--- Records ---
*****

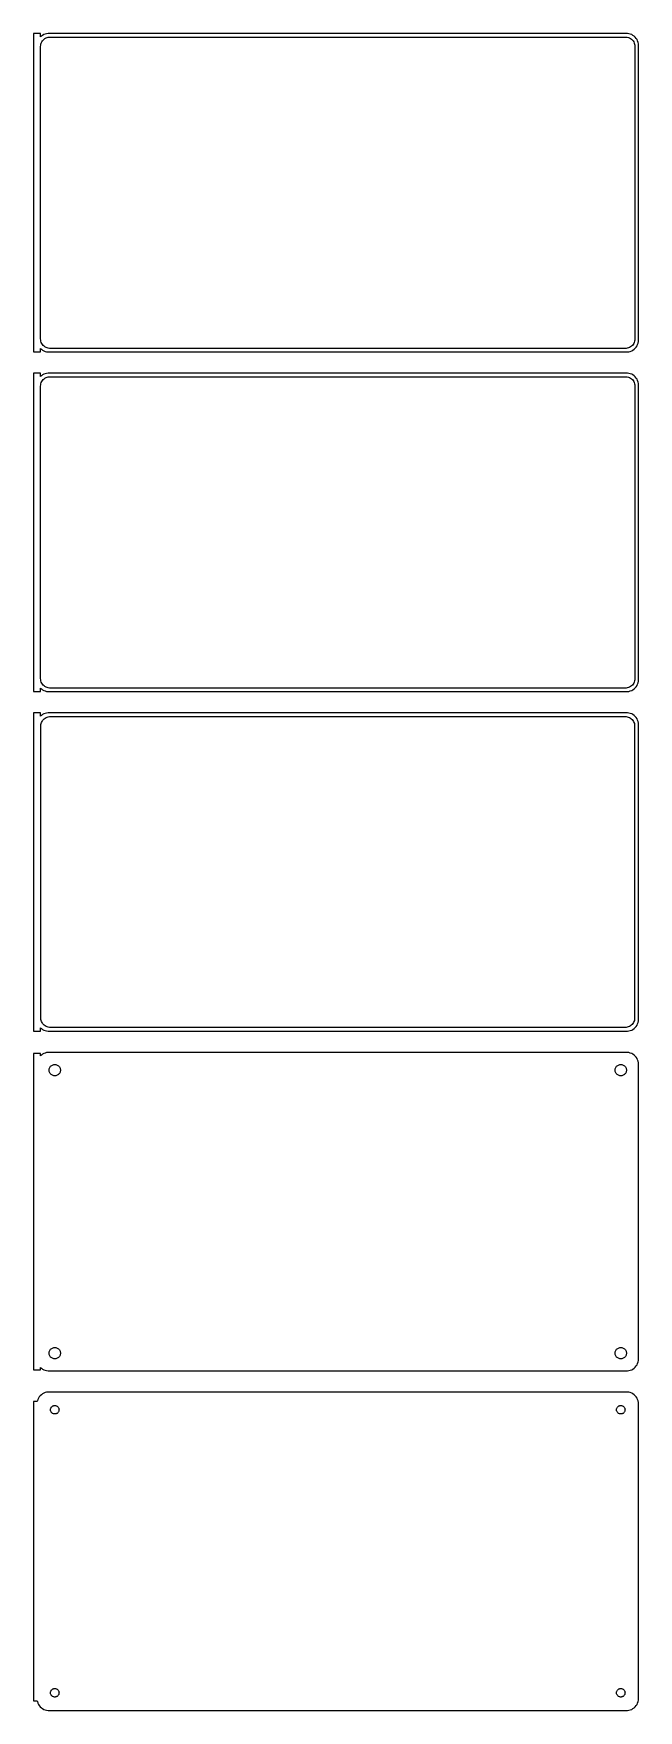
# Model space of a CAD drawing. Header units: metres. Extents: x -129 to 128, y 509 to 1219.
import ezdxf

# ---------------------------------------------------------------- set-up
doc = ezdxf.new("R2010")
doc.units = ezdxf.units.M

msp = doc.modelspace()

# ---------------------------------------------------------------- linework, layer by layer
for p, q in [((-126, 1219.49), (-129, 1219.49)), ((-129, 1219.49), (-129, 1084.51)), ((-126, 1218.06), (-126, 1219.49)), ((-125.687, 1218.35), (-126, 1218.06)), ((-125.719, 1215.47), (-125.505, 1215.93)), ((-125.179, 1218.72), (-125.687, 1218.35)), ((-125.505, 1215.93), (-125.236, 1216.35)), ((-125.236, 1216.35), (-124.916, 1216.74)), ((-124.629, 1219.02), (-125.179, 1218.72)), ((-124.916, 1216.74), (-124.55, 1217.08)), ((-124.045, 1219.26), (-124.629, 1219.02)), ((-124.55, 1217.08), (-124.143, 1217.38)), ((-124.143, 1217.38), (-123.703, 1217.62)), ((-123.437, 1219.41), (-124.045, 1219.26)), ((-123.703, 1217.62), (-123.236, 1217.8)), ((-122.814, 1219.49), (-123.437, 1219.41)), ((-123.236, 1217.8), (-122.75, 1217.93)), ((122.814, 1219.49), (-122.814, 1219.49)), ((-122.75, 1217.93), (-122.251, 1217.99)), ((-122.251, 1217.99), (122.251, 1217.99)), ((122.251, 1217.99), (122.75, 1217.93)), ((122.75, 1217.93), (123.236, 1217.8)), ((123.437, 1219.41), (122.814, 1219.49)), ((123.236, 1217.8), (123.703, 1217.62)), ((124.045, 1219.26), (123.437, 1219.41)), ((123.703, 1217.62), (124.143, 1217.38)), ((124.629, 1219.02), (124.045, 1219.26)), ((124.143, 1217.38), (124.55, 1217.08)), ((124.55, 1217.08), (124.916, 1216.74)), ((125.179, 1218.72), (124.629, 1219.02)), ((124.916, 1216.74), (125.236, 1216.35)), ((125.687, 1218.35), (125.179, 1218.72)), ((125.236, 1216.35), (125.505, 1215.93)), ((125.505, 1215.93), (125.719, 1215.47)), ((126.145, 1217.92), (125.687, 1218.35)), ((126.545, 1217.44), (126.145, 1217.92)), ((126.882, 1216.91), (126.545, 1217.44)), ((127.149, 1216.34), (126.882, 1216.91)), ((127.343, 1215.74), (127.149, 1216.34)), ((-126, 1214), (-125.968, 1214.5)), ((-126, 1090), (-126, 1214)), ((-125.968, 1214.5), (-125.874, 1214.99)), ((-125.874, 1214.99), (-125.719, 1215.47)), ((125.719, 1215.47), (125.874, 1214.99)), ((125.874, 1214.99), (125.968, 1214.5)), ((125.968, 1214.5), (126, 1214)), ((126, 1214), (126, 1090)), ((127.461, 1215.13), (127.343, 1215.74)), ((127.5, 1214.5), (127.461, 1215.13)), ((127.5, 1089.5), (127.5, 1214.5)), ((-125.968, 1089.5), (-126, 1090)), ((-125.874, 1089.01), (-125.968, 1089.5)), ((-125.719, 1088.53), (-125.874, 1089.01)), ((-125.505, 1088.07), (-125.719, 1088.53)), ((-125.236, 1087.65), (-125.505, 1088.07)), ((125.505, 1088.07), (125.236, 1087.65)), ((125.719, 1088.53), (125.505, 1088.07)), ((125.874, 1089.01), (125.719, 1088.53)), ((125.968, 1089.5), (125.874, 1089.01)), ((126, 1090), (125.968, 1089.5)), ((127.149, 1087.66), (127.343, 1088.26)), ((127.343, 1088.26), (127.461, 1088.87)), ((127.461, 1088.87), (127.5, 1089.5)), ((-129, 1084.51), (-126, 1084.51)), ((-126, 1085.94), (-125.687, 1085.65)), ((-126, 1084.51), (-126, 1085.94)), ((-125.687, 1085.65), (-125.179, 1085.28)), ((-124.916, 1087.26), (-125.236, 1087.65)), ((-125.179, 1085.28), (-124.629, 1084.98)), ((-124.55, 1086.92), (-124.916, 1087.26)), ((-124.629, 1084.98), (-124.045, 1084.74)), ((-124.143, 1086.62), (-124.55, 1086.92)), ((-123.703, 1086.38), (-124.143, 1086.62)), ((-124.045, 1084.74), (-123.437, 1084.59)), ((-123.236, 1086.2), (-123.703, 1086.38)), ((-123.437, 1084.59), (-122.814, 1084.51)), ((-122.75, 1086.07), (-123.236, 1086.2)), ((-122.814, 1084.51), (122.814, 1084.51)), ((-122.251, 1086.01), (-122.75, 1086.07)), ((122.251, 1086.01), (-122.251, 1086.01)), ((122.75, 1086.07), (122.251, 1086.01)), ((123.236, 1086.2), (122.75, 1086.07)), ((122.814, 1084.51), (123.437, 1084.59)), ((123.703, 1086.38), (123.236, 1086.2)), ((123.437, 1084.59), (124.045, 1084.74)), ((124.143, 1086.62), (123.703, 1086.38)), ((124.045, 1084.74), (124.629, 1084.98)), ((124.55, 1086.92), (124.143, 1086.62)), ((124.916, 1087.26), (124.55, 1086.92)), ((124.629, 1084.98), (125.179, 1085.28)), ((125.236, 1087.65), (124.916, 1087.26)), ((125.179, 1085.28), (125.687, 1085.65)), ((125.687, 1085.65), (126.145, 1086.08)), ((126.145, 1086.08), (126.545, 1086.56)), ((126.545, 1086.56), (126.882, 1087.09)), ((126.882, 1087.09), (127.149, 1087.66)), ((-126, 1075.49), (-129, 1075.49)), ((-129, 1075.49), (-129, 940.51)), ((-126, 1074.06), (-126, 1075.49)), ((-125.687, 1074.35), (-126, 1074.06)), ((-125.179, 1074.72), (-125.687, 1074.35)), ((-124.629, 1075.02), (-125.179, 1074.72)), ((-124.045, 1075.26), (-124.629, 1075.02)), ((-124.143, 1073.38), (-123.703, 1073.62)), ((-123.437, 1075.41), (-124.045, 1075.26)), ((-123.703, 1073.62), (-123.236, 1073.8)), ((-122.814, 1075.49), (-123.437, 1075.41)), ((-123.236, 1073.8), (-122.75, 1073.93)), ((122.814, 1075.49), (-122.814, 1075.49)), ((-122.75, 1073.93), (-122.251, 1073.99)), ((-122.251, 1073.99), (122.251, 1073.99)), ((122.251, 1073.99), (122.75, 1073.93)), ((122.75, 1073.93), (123.236, 1073.8)), ((123.437, 1075.41), (122.814, 1075.49)), ((123.236, 1073.8), (123.703, 1073.62)), ((124.045, 1075.26), (123.437, 1075.41)), ((123.703, 1073.62), (124.143, 1073.38)), ((124.629, 1075.02), (124.045, 1075.26)), ((125.179, 1074.72), (124.629, 1075.02)), ((125.687, 1074.35), (125.179, 1074.72)), ((126.145, 1073.92), (125.687, 1074.35)), ((126.545, 1073.44), (126.145, 1073.92)), ((-126, 1070), (-125.968, 1070.5)), ((-126, 946), (-126, 1070)), ((-125.968, 1070.5), (-125.874, 1070.99)), ((-125.874, 1070.99), (-125.719, 1071.47)), ((-125.719, 1071.47), (-125.505, 1071.93)), ((-125.505, 1071.93), (-125.236, 1072.35)), ((-125.236, 1072.35), (-124.916, 1072.74)), ((-124.916, 1072.74), (-124.55, 1073.08)), ((-124.55, 1073.08), (-124.143, 1073.38)), ((124.143, 1073.38), (124.55, 1073.08)), ((124.55, 1073.08), (124.916, 1072.74)), ((124.916, 1072.74), (125.236, 1072.35)), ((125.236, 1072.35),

*****

--- What to produce ---
Everything in the material goes into the copy exactly, except the images.

--- Output of the task ---
# Model space of a CAD drawing. Header units: metres. Extents: x -129 to 128, y 509 to 1219.
import ezdxf

# ---------------------------------------------------------------- set-up
doc = ezdxf.new("R2010")
doc.units = ezdxf.units.M

msp = doc.modelspace()

# ---------------------------------------------------------------- linework, layer by layer
for p, q in [((-126, 1219.49), (-129, 1219.49)), ((-129, 1219.49), (-129, 1084.51)), ((-126, 1218.06), (-126, 1219.49)), ((-125.687, 1218.35), (-126, 1218.06)), ((-125.719, 1215.47), (-125.505, 1215.93)), ((-125.179, 1218.72), (-125.687, 1218.35)), ((-125.505, 1215.93), (-125.236, 1216.35)), ((-125.236, 1216.35), (-124.916, 1216.74)), ((-124.629, 1219.02), (-125.179, 1218.72)), ((-124.916, 1216.74), (-124.55, 1217.08)), ((-124.045, 1219.26), (-124.629, 1219.02)), ((-124.55, 1217.08), (-124.143, 1217.38)), ((-124.143, 1217.38), (-123.703, 1217.62)), ((-123.437, 1219.41), (-124.045, 1219.26)), ((-123.703, 1217.62), (-123.236, 1217.8)), ((-122.814, 1219.49), (-123.437, 1219.41)), ((-123.236, 1217.8), (-122.75, 1217.93)), ((122.814, 1219.49), (-122.814, 1219.49)), ((-122.75, 1217.93), (-122.251, 1217.99)), ((-122.251, 1217.99), (122.251, 1217.99)), ((122.251, 1217.99), (122.75, 1217.93)), ((122.75, 1217.93), (123.236, 1217.8)), ((123.437, 1219.41), (122.814, 1219.49)), ((123.236, 1217.8), (123.703, 1217.62)), ((124.045, 1219.26), (123.437, 1219.41)), ((123.703, 1217.62), (124.143, 1217.38)), ((124.629, 1219.02), (124.045, 1219.26)), ((124.143, 1217.38), (124.55, 1217.08)), ((124.55, 1217.08), (124.916, 1216.74)), ((125.179, 1218.72), (124.629, 1219.02)), ((124.916, 1216.74), (125.236, 1216.35)), ((125.687, 1218.35), (125.179, 1218.72)), ((125.236, 1216.35), (125.505, 1215.93)), ((125.505, 1215.93), (125.719, 1215.47)), ((126.145, 1217.92), (125.687, 1218.35)), ((126.545, 1217.44), (126.145, 1217.92)), ((126.882, 1216.91), (126.545, 1217.44)), ((127.149, 1216.34), (126.882, 1216.91)), ((127.343, 1215.74), (127.149, 1216.34)), ((-126, 1214), (-125.968, 1214.5)), ((-126, 1090), (-126, 1214)), ((-125.968, 1214.5), (-125.874, 1214.99)), ((-125.874, 1214.99), (-125.719, 1215.47)), ((125.719, 1215.47), (125.874, 1214.99)), ((125.874, 1214.99), (125.968, 1214.5)), ((125.968, 1214.5), (126, 1214)), ((126, 1214), (126, 1090)), ((127.461, 1215.13), (127.343, 1215.74)), ((127.5, 1214.5), (127.461, 1215.13)), ((127.5, 1089.5), (127.5, 1214.5)), ((-125.968, 1089.5), (-126, 1090)), ((-125.874, 1089.01), (-125.968, 1089.5)), ((-125.719, 1088.53), (-125.874, 1089.01)), ((-125.505, 1088.07), (-125.719, 1088.53)), ((-125.236, 1087.65), (-125.505, 1088.07)), ((125.505, 1088.07), (125.236, 1087.65)), ((125.719, 1088.53), (125.505, 1088.07)), ((125.874, 1089.01), (125.719, 1088.53)), ((125.968, 1089.5), (125.874, 1089.01)), ((126, 1090), (125.968, 1089.5)), ((127.149, 1087.66), (127.343, 1088.26)), ((127.343, 1088.26), (127.461, 1088.87)), ((127.461, 1088.87), (127.5, 1089.5)), ((-129, 1084.51), (-126, 1084.51)), ((-126, 1085.94), (-125.687, 1085.65)), ((-126, 1084.51), (-126, 1085.94)), ((-125.687, 1085.65), (-125.179, 1085.28)), ((-124.916, 1087.26), (-125.236, 1087.65)), ((-125.179, 1085.28), (-124.629, 1084.98)), ((-124.55, 1086.92), (-124.916, 1087.26)), ((-124.629, 1084.98), (-124.045, 1084.74)), ((-124.143, 1086.62), (-124.55, 1086.92)), ((-123.703, 1086.38), (-124.143, 1086.62)), ((-124.045, 1084.74), (-123.437, 1084.59)), ((-123.236, 1086.2), (-123.703, 1086.38)), ((-123.437, 1084.59), (-122.814, 1084.51)), ((-122.75, 1086.07), (-123.236, 1086.2)), ((-122.814, 1084.51), (122.814, 1084.51)), ((-122.251, 1086.01), (-122.75, 1086.07)), ((122.251, 1086.01), (-122.251, 1086.01)), ((122.75, 1086.07), (122.251, 1086.01)), ((123.236, 1086.2), (122.75, 1086.07)), ((122.814, 1084.51), (123.437, 1084.59)), ((123.703, 1086.38), (123.236, 1086.2)), ((123.437, 1084.59), (124.045, 1084.74)), ((124.143, 1086.62), (123.703, 1086.38)), ((124.045, 1084.74), (124.629, 1084.98)), ((124.55, 1086.92), (124.143, 1086.62)), ((124.916, 1087.26), (124.55, 1086.92)), ((124.629, 1084.98), (125.179, 1085.28)), ((125.236, 1087.65), (124.916, 1087.26)), ((125.179, 1085.28), (125.687, 1085.65)), ((125.687, 1085.65), (126.145, 1086.08)), ((126.145, 1086.08), (126.545, 1086.56)), ((126.545, 1086.56), (126.882, 1087.09)), ((126.882, 1087.09), (127.149, 1087.66)), ((-126, 1075.49), (-129, 1075.49)), ((-129, 1075.49), (-129, 940.51)), ((-126, 1074.06), (-126, 1075.49)), ((-125.687, 1074.35), (-126, 1074.06)), ((-125.179, 1074.72), (-125.687, 1074.35)), ((-124.629, 1075.02), (-125.179, 1074.72)), ((-124.045, 1075.26), (-124.629, 1075.02)), ((-124.143, 1073.38), (-123.703, 1073.62)), ((-123.437, 1075.41), (-124.045, 1075.26)), ((-123.703, 1073.62), (-123.236, 1073.8)), ((-122.814, 1075.49), (-123.437, 1075.41)), ((-123.236, 1073.8), (-122.75, 1073.93)), ((122.814, 1075.49), (-122.814, 1075.49)), ((-122.75, 1073.93), (-122.251, 1073.99)), ((-122.251, 1073.99), (122.251, 1073.99)), ((122.251, 1073.99), (122.75, 1073.93)), ((122.75, 1073.93), (123.236, 1073.8)), ((123.437, 1075.41), (122.814, 1075.49)), ((123.236, 1073.8), (123.703, 1073.62)), ((124.045, 1075.26), (123.437, 1075.41)), ((123.703, 1073.62), (124.143, 1073.38)), ((124.629, 1075.02), (124.045, 1075.26)), ((125.179, 1074.72), (124.629, 1075.02)), ((125.687, 1074.35), (125.179, 1074.72)), ((126.145, 1073.92), (125.687, 1074.35)), ((126.545, 1073.44), (126.145, 1073.92)), ((-126, 1070), (-125.968, 1070.5)), ((-126, 946), (-126, 1070)), ((-125.968, 1070.5), (-125.874, 1070.99)), ((-125.874, 1070.99), (-125.719, 1071.47)), ((-125.719, 1071.47), (-125.505, 1071.93)), ((-125.505, 1071.93), (-125.236, 1072.35)), ((-125.236, 1072.35), (-124.916, 1072.74)), ((-124.916, 1072.74), (-124.55, 1073.08)), ((-124.55, 1073.08), (-124.143, 1073.38)), ((124.143, 1073.38), (124.55, 1073.08)), ((124.55, 1073.08), (124.916, 1072.74)), ((124.916, 1072.74), (125.236, 1072.35)), ((125.236, 1072.35),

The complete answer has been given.